Sans le foot ? Non ! Alors pour l’instant pas du tout. J’aime faire chaque chose en son temps. J’aime me focaliser sur ce que je fais, comme le championnat en cours, sans anticiper. C’est peut-être un défaut aussi, car je ne me projette pas sur l’avenir. Ma vie sans le foot… J’y pense parfois parce qu’il ne me reste sans doute pas dix ans à jouer… Quoique ! Mais je ne sais pas si j’en serais capable, d’une part physiquement et dans la tête aussi. ‘L’après’ est encore très vague pour moi.
Vous évoquez l’aspect mental… N’est-ce pas trop compliqué de jouer le maintien chaque saison ? Comment trouver la force mentale de ne jamais lâcher ?
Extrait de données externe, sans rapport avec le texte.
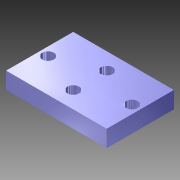
# Autodesk Inventor part: tapa polea x
Saved by Autodesk Inventor 2012 SP2 (Build 160219200, 219)
## iProperties
Created: 2014-07-05
Part Number: tapa polea x
Material: Default
Document SubType Name: Modeling
Designer: Principal
Density: 1 g/cm^3
Author: Principal
Autodesk Inventor part; units mm, degrees
ref_plane "YZ Plane" through (0, 0, 0) normal (1, 0, 0) x (0, 1, 0)
ref_plane "XZ Plane" through (0, 0, 0) normal (0, 1, 0) x (-1, 0, 0)
ref_plane "XY Plane" through (0, 0, 0) normal (0, 0, 1) x (1, 0, 0)
sketch "Boceto1" plane through (0, 0, 0) normal (0, 0, 1) x (1, 0, 0)
  line L0 (-7.9599, 1.191) -> (22.0401, 1.191)
  line L1 (22.0401, 1.191) -> (22.0401, -18.809)
  line L2 (22.0401, -18.809) -> (-7.9599, -18.809)
  line L3 (-7.9599, -18.809) -> (-7.9599, 1.191)
  point P0 (0, 0)
  dimension "d0" = 20
  dimension "d10" = 30
  constraints: 8 end point
  measures "d0" distance between parallel lines of L2 L0
  measures "d10" distance between parallel lines of L1 L3
extrude "Extrusión1" add sketch "Boceto1" along normal blind 5
sketch "Boceto2" plane through (0, 0, 5) normal (0, 0, 1) x (1, 0, 0)
  line L0 (22.0401, 1.191) -> (22.0401, -18.809) projected
  line L1 (-7.9599, -18.809) -> (-7.9599, 1.191) projected
  line L2 (22.0401, -18.809) -> (-7.9599, -18.809) projected
  circle A0 centre (-5.4599, -8.809) radius 1.75
  circle A1 centre (19.5401, -8.809) radius 1.75
  point P0 (0, 0)
  dimension "d3" = 3.5
  dimension "d4" = 2.5
  dimension "d5" = 2.5
  dimension "d6" = 10
  dimension "d7" = 10
  constraints: 2 centre point
  measures "d3" diameter of A0
  measures "d4" distance from line of A0.centre L1
  measures "d5" distance from line of A1.centre L0
  measures "d6" distance from line of A0.centre L2
  measures "d7" distance from line of L2 A1.centre
extrude "Extrusión2" cut sketch "Boceto2" against normal blind 5
sketch "Boceto3" plane through (0, 0, 5) normal (0, 0, 1) x (1, 0, 0)
  line L0 (-7.9599, 1.191) -> (22.0401, 1.191) projected
  line L1 (22.0401, -18.809) -> (-7.9599, -18.809) projected
  circle A0 centre (7.0401, -3.809) radius 1.75
  circle A1 centre (7.0401, -13.809) radius 1.75
  point P0 (0, 0)
  dimension "d11" = 5
  dimension "d12" = 5
  constraints: 2 centre point
  measures "d11" distance from line of A0.centre L0
  measures "d12" distance from line of A1.centre L1
extrude "Extrusión3" cut sketch "Boceto3" against normal blind 5
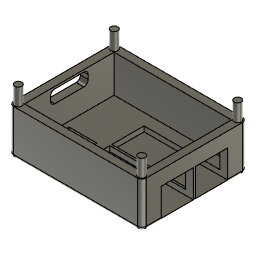
_part 2.f3cbd399-88e2-494d-b35e-1f1d8a7854d6 (Autodesk Fusion 360 design; units mm, degrees)
Autodesk Fusion 360 part; units mm, degrees
sketch "Sketch1" plane through (0, 0, 0) normal (0, 0, 1) x (1, 0, 0)
  line L0 (-15.5, 12.25) -> (15.5, 12.25)
  line L1 (15.5, 12.25) -> (15.5, -12.25)
  line L2 (15.5, -12.25) -> (-15.5, -12.25)
  line L3 (-15.5, -12.25) -> (-15.5, 12.25)
  line L4 (-15.5, 12.25) -> (15.5, -12.25) construction
  line L5 (15.5, 12.25) -> (-15.5, -12.25) construction
  dimension "d1" = 31
  dimension "d2" = 24.5
  constraint horizontal L0
  constraint perpendicular L0 L1
  constraint parallel L0 L2
  constraint parallel L1 L3
  constraint coincident L4 origin
  constraint coincident L5 origin
  measures "d1" distance of L0.start L0.end
  measures "d2" distance of L0.start L2.end
extrude "Extrude1" add sketch "Sketch1" along normal blind 10.5
shell "Shell1" thickness 1.8 removed faces 1 at (-5.1667, 4.0833, 10.5)
sketch "Sketch2" plane through (0, 0, 10.5) normal (0, 0, 1) x (-1, 0, 0)
  line L0 (13.7, 10.45) -> (13.7, -10.45)
  line L1 (13.7, -10.45) -> (-13.7, -10.45)
  line L2 (-13.7, -10.45) -> (-13.7, 10.45)
  line L3 (-13.7, 10.45) -> (13.7, 10.45)
  line L4 (15.5, 12.25) -> (-15.5, 12.25)
  line L5 (-15.5, 12.25) -> (-15.5, -12.25)
  line L6 (-15.5, -12.25) -> (15.5, -12.25)
  line L7 (15.5, -12.25) -> (15.5, 12.25)
  circle A0 centre (14.4, -11.2) radius 0.84
  line L8 (0, 0) -> (0, -2)
  line L9 (0, 0) -> (4, 0)
  circle A1 centre (-14.4, -11.2) radius 0.84
  circle A2 centre (-14.4, 11.2) radius 0.84
  circle A3 centre (14.4, 11.2) radius 0.84
  dimension "d6" = 1.68
  dimension "d7" = 11.2
  dimension "d8" = 14.4
  constraint coincident L8.start L9.start
  constraint vertical L8
  constraint perpendicular L8 L9
  constraint symmetric A0 L8 A1
  constraint symmetric A0 L9 A3
  constraint symmetric L9 A1 A2
  measures "d6" diameter of A0
  measures "d7" vertical distance of L8.start A0.centre
  measures "d8" horizontal distance of L8.start A0.centre
extrude "Extrude2" add sketch "Sketch2" along normal blind 4 contours A0 | A1 | A2 | A3
fillet "Fillet1" radius 1 1 edges at (15.5, -12.25, 5.25)
fillet "Fillet1" radius 1 1 edges at (15.5, 12.25, 5.25)
fillet "Fillet1" radius 1 1 edges at (-15.5, 12.25, 5.25)
fillet "Fillet1" radius 1 1 edges at (-15.5, -12.25, 5.25)
sketch "Sketch3" plane through (-15.5, 0, 0) normal (-1, 0, 0) x (0, -1, 0)
  line L0 (11.25, 0) -> (11.25, 10.5)
  line L1 (11.25, 10.5) -> (-11.25, 10.5)
  line L2 (-11.25, 10.5) -> (-11.25, 0)
  line L3 (-11.25, 0) -> (11.25, 0)
  line L4 (0, 0) -> (0, 7)
  line L5 (0, 7) -> (0, 8.5)
  line L6 (-3.4, 7) -> (3.4, 7)
  line L7 (4.4, 8) -> (4.4, 9)
  line L8 (3.4, 10) -> (-3.4, 10)
  line L9 (-4.4, 9) -> (-4.4, 8)
  line L10 (-4.4, 7) -> (4.4, 10) construction
  line L11 (4.4, 7) -> (-4.4, 10) construction
  arc A0 (-3.4, 10) -> (-4.4, 9) centre (-3.4, 9) ccw
  arc A1 (-4.4, 8) -> (-3.4, 7) centre (-3.4, 8) ccw
  arc A2 (3.4, 7) -> (4.4, 8) centre (3.4, 8) ccw
  arc A3 (4.4, 9) -> (3.4, 10) centre (3.4, 9) ccw
  point P0 (0, 8.5)
  dimension "d19" = 7
  dimension "d20" = 1.5
  dimension "d21" = 3
  dimension "d22" = 8.8
  dimension "d23" = 1
  constraint coincident L4.start origin
  constraint perpendicular L3 L4
  constraint parallel L4 L5
  constraint horizontal L6
  constraint perpendicular L6 L7
  constraint parallel L6 L8
  constraint parallel L7 L9
  constraint coincident L10 P0
  constraint coincident L11 P0
  constraint coincident P0 L5.end
  constraint coincident L11.end L9
  constraint coincident L11.end L8
  constraint tangent L9 A0
  constraint tangent L8 A0
  constraint coincident L10.start L9
  constraint coincident L10.start L6
  constraint tangent L9 A1
  constraint tangent L6 A1
  constraint equal A0 A1
  constraint coincident L11.start L6
  constraint coincident L11.start L7
  constraint tangent L6 A2
  constraint tangent L7 A2
  constraint equal A0 A2
  constraint coincident L10.end L7
  constraint coincident L10.end L8
  constraint tangent L7 A3
  constraint tangent L8 A3
  constraint equal A0 A3
  measures "d19" distance of L4.start L4.end
  measures "d20" distance of L4.end P0
  measures "d21" distance of L10.start L11.end
  measures "d22" distance of L10.end L11.end
  measures "d23" radius of A0
extrude "Extrude3" cut sketch "Sketch3" against normal blind 6 contours L6 L7 L8 L9 A0 A1 A2 A3
fillet "Fillet2" radius 0.75 8 edges at (-15.2071, -11.9571, 0) (-15.5, 0, 0) (-15.2071, 11.9571, 0) (0, 12.25, 0) (15.2071, 11.9571, 0) (15.5, 0, 0) (15.2071, -11.9571, 0) (0, -12.25, 0)
sketch "Sketch4" plane through (0, 0, 0) normal (0, 0, -1) x (1, 0, 0)
  arc A0 (-14.5, 11.5) -> (-14.75, 11.25) centre (-14.5, 11.25) ccw
  line L0 (-14.75, 11.25) -> (-14.75, -11.25)
  arc A1 (-14.75, -11.25) -> (-14.5, -11.5) centre (-14.5, -11.25) ccw
  line L1 (-14.5, -11.5) -> (14.5, -11.5)
  arc A2 (14.5, -11.5) -> (14.75, -11.25) centre (14.5, -11.25) ccw
  line L2 (14.75, -11.25) -> (14.75, 11.25)
  arc A3 (14.75, 11.25) -> (14.5, 11.5) centre (14.5, 11.25) ccw
  line L3 (14.5, 11.5) -> (-14.5, 11.5)
  line L4 (-14.75, 0) -> (-12.7501, 0.0149)
  line L5 (7.2499, 0.0149) -> (7.2499, 8.7649)
  line L6 (7.2499, 8.7649) -> (-12.7501, 8.7649)
  line L7 (-12.7501, 8.7649) -> (-12.7501, 0.0149)
  line L8 (7.2499, 0.0149) -> (7.2499, -8.7351)
  line L9 (7.2499, -8.7351) -> (-12.7501, -8.7351)
  line L10 (-12.7501, -8.7351) -> (-12.7501, 0.0149)
  line L11 (-12.7501, -8.7351) -> (-11.7501, -8.7351)
  line L12 (-11.7501, -8.7351) -> (-11.7501, -7.7351)
  line L13 (-11.7501, -7.7351) -> (-5.2501, -7.7351)
  line L14 (-5.2501, -7.7351) -> (-5.2501, -1.2351)
  line L15 (-5.2501, -1.2351) -> (-11.7501, -1.2351)
  line L16 (-11.7501, -1.2351) -> (-11.7501, -7.7351)
  line L17 (7.2499, 8.7649) -> (6.2499, 8.7649)
  line L18 (-5.2501, -7.7351) -> (-2.2501, -7.7351)
  line L19 (-2.2501, -7.7351) -> (12.4499, -7.7351)
  line L20 (12.4499, -7.7351) -> (12.4499, -0.7351)
  dimension "d32" = 20
  dimension "d33" = 8.75
  dimension "d34" = 1
  dimension "d35" = 1
  dimension "d38" = 6.5
  dimension "d39" = 6.5
  dimension "d42" = 1
  dimension "d54" = 3
  dimension "d55" = 14.7
  dimension "d56" = 7
  constraint midpoint L0 L4.start
  constraint vertical L5
  constraint horizontal L6
  constraint vertical L7
  constraint coincident L9 L11.end
  constraint perpendicular L10 L11
  constraint perpendicular L9 L12
  constraint horizontal L13
  constraint vertical L14
  constraint horizontal L15
  constraint vertical L16
  constraint coincident L6 L17.end
  constraint perpendicular L5 L17
  constraint perpendicular L14 L18
  constraint perpendicular L2 L19
  constraint perpendicular L19 L20
  measures "d32" distance of L5.end L6.end
  measures "d33" distance of L5.start L5.end
  measures "d34" distance of L9.end L11.end
  measures "d35" distance of L11.end L12.end
  measures "d38" distance of L12.end L13.end
  measures "d39" distance of L13.end L14.end
  measures "d42" distance of L5.end L17.end
  measures "d54" distance of L13.end L18.end
  measures "d55" distance of L18.end L19.end
  measures "d56" distance of L19.end L20.end
sketch "Sketch6" plane through (0, 0, 0) normal (0, 0, -1) x (1, 0, 0)
  arc A0 (-14.5, 11.5) -> (-14.75, 11.25) centre (-14.5, 11.25) ccw
  line L0 (-14.75, 11.25) -> (-14.75, -11.25)
  arc A1 (-14.75, -11.25) -> (-14.5, -11.5) centre (-14.5, -11.25) ccw
  line L1 (-14.5, -11.5) -> (14.5, -11.5)
  arc A2 (14.5, -11.5) -> (14.75, -11.25) centre (14.5, -11.25) ccw
  line L2 (14.75, -11.25) -> (14.75, 11.25)
  arc A3 (14.75, 11.25) -> (14.5, 11.5) centre (14.5, 11.25) ccw
  line L3 (14.5, 11.5) -> (-14.5, 11.5)
  line L4 (-15.5, 0) -> (-13.5, 0)
  line L5 (6.5, 0) -> (6.5, 8.75)
  line L6 (6.5, 8.75) -> (-13.5, 8.75)
  line L7 (-13.5, 8.75) -> (-13.5, 0)
  line L8 (-13.5, -8.75) -> (-13.5, 0)
  line L9 (6.5, -8.75) -> (-13.5, -8.75)
  line L10 (6.5, 0) -> (6.5, -8.75)
  line L11 (-13.5, 8.75) -> (-13.5, 7.75)
  line L12 (-13.5, 7.75) -> (-12.5, 7.75)
  line L13 (-12.5, 7.75) -> (-6, 7.75)
  line L14 (-6, 7.75) -> (-6, 1.25)
  line L15 (-6, 1.25) -> (-12.5, 1.25)
  line L16 (-12.5, 1.25) -> (-12.5, 7.75)
  point P0 (-13.7, 10.45)
  dimension "d57" = 2
  dimension "d58" = 10.45
  dimension "d61" = 20
  dimension "d62" = 8.75
  dimension "d63" = 1
  dimension "d64" = 1
  dimension "d65" = 6.5
  dimension "d66" = 6.5
  constraint perpendicular L0 L4
  constraint vertical L5
  constraint horizontal L6
  constraint vertical L7
  constraint symmetric L7.end L4 L8.end
  constraint symmetric L4 L5.start L10.start
  constraint symmetric L4 L5.end L9.start
  constraint symmetric L4 L6.end L8.start
  constraint coincident L7 L11.end
  constraint perpendicular L6 L11
  constraint perpendicular L7 L12
  constraint horizontal L13
  constraint vertical L14
  constraint horizontal L15
  constraint vertical L16
  measures "d57" distance of L4.start L4.end
  measures "d58" vertical distance of L4.start P0
  measures "d61" distance of L5.end L6.end
  measures "d62" distance of L5.start L5.end
  measures "d63" distance of L6.end L11.end
  measures "d64" distance of L11.end L12.end
  measures "d65" distance of L12.end L13.end
  measures "d66" distance of L12.end L15.end
extrude "Extrude5" cut sketch "Sketch6" against normal blind 9 contours L13 L14 L15 L16
sketch "Sketch7" plane through (15.5, 0, 0) normal (1, 0, 0) x (0, 1, 0)
  line L0 (-11.25, 0.75) -> (11.25, 0.75)
  line L1 (11.25, 0.75) -> (11.25, 10.5)
  line L2 (11.25, 10.5) -> (-11.25, 10.5)
  line L3 (-11.25, 10.5) -> (-11.25, 0.75)
  line L4 (0, 10.5) -> (0, 7.1)
  line L5 (-8.75, 7.1) -> (-8.75, 10.5)
  line L6 (-8.75, 7.1) -> (-7.75, 7.1)
  line L7 (-7.75, 7.1) -> (-0.25, 7.1)
  line L8 (-0.25, 7.1) -> (-0.25, 0.6)
  line L9 (-0.25, 0.6) -> (-7.75, 0.6)
  line L10 (-7.75, 0.6) -> (-7.75, 7.1)
  line L11 (0.25, 7.1) -> (0.25, 0.6)
  line L12 (0.25, 0.6) -> (7.75, 0.6)
  line L13 (7.75, 0.6) -> (7.75, 7.1)
  line L14 (7.75, 7.1) -> (0.25, 7.1)
  dimension "d69" = 3.4
  dimension "d70" = 8.75
  dimension "d73" = 1
  dimension "d74" = 7.5
  dimension "d75" = 6.5
  constraint midpoint L2 L4.start
  constraint perpendicular L2 L4
  constraint coincident L2 L5.end
  constraint perpendicular L2 L5
  constraint perpendicular L5 L6
  constraint horizontal L7
  constraint vertical L8
  constraint horizontal L9
  constraint vertical L10
  constraint symmetric L4 L6.end L13.end
  constraint symmetric L4 L7.end L11.start
  constraint symmetric L4 L8.end L11.end
  constraint symmetric L4 L9.end L12.end
  measures "d69" distance of L4.start L4.end
  measures "d70" distance of L4.end L5.start
  measures "d73" distance of L5.start L6.end
  measures "d74" distance of L8.end L9.end
  measures "d75" distance of L6.end L9.end
extrude "Extrude6" cut sketch "Sketch7" against normal blind 19.5 contours L0 L7 L8 L10 | L0 L8 L9 L10 | L0 L11 L13 L14 | L0 L11 L12 L13

C’est difficile de manière générale. Pour une athlète, rester toujours au top, c’est compliqué. C’est certainement valable dans n’importe quel sport. Parfois d’une saison à l’autre, les performances d’une sportive varient beaucoup. C’est vrai que c’est encore plus dur lorsqu’on a une succession de matchs où on ne prend pas de points.
Cela fait trois ans qu’on lutte fort. Je pense que mentalement, on acquiert aussi de l’expérience par là. Quand on joue des concurrents directs au maintien, perdre un match, c’est dur, mais on sait aussi qu’une saison est longue. L’an passé, on s’est sauvé à la fin. À un moment, on met tout de côté et on le fait.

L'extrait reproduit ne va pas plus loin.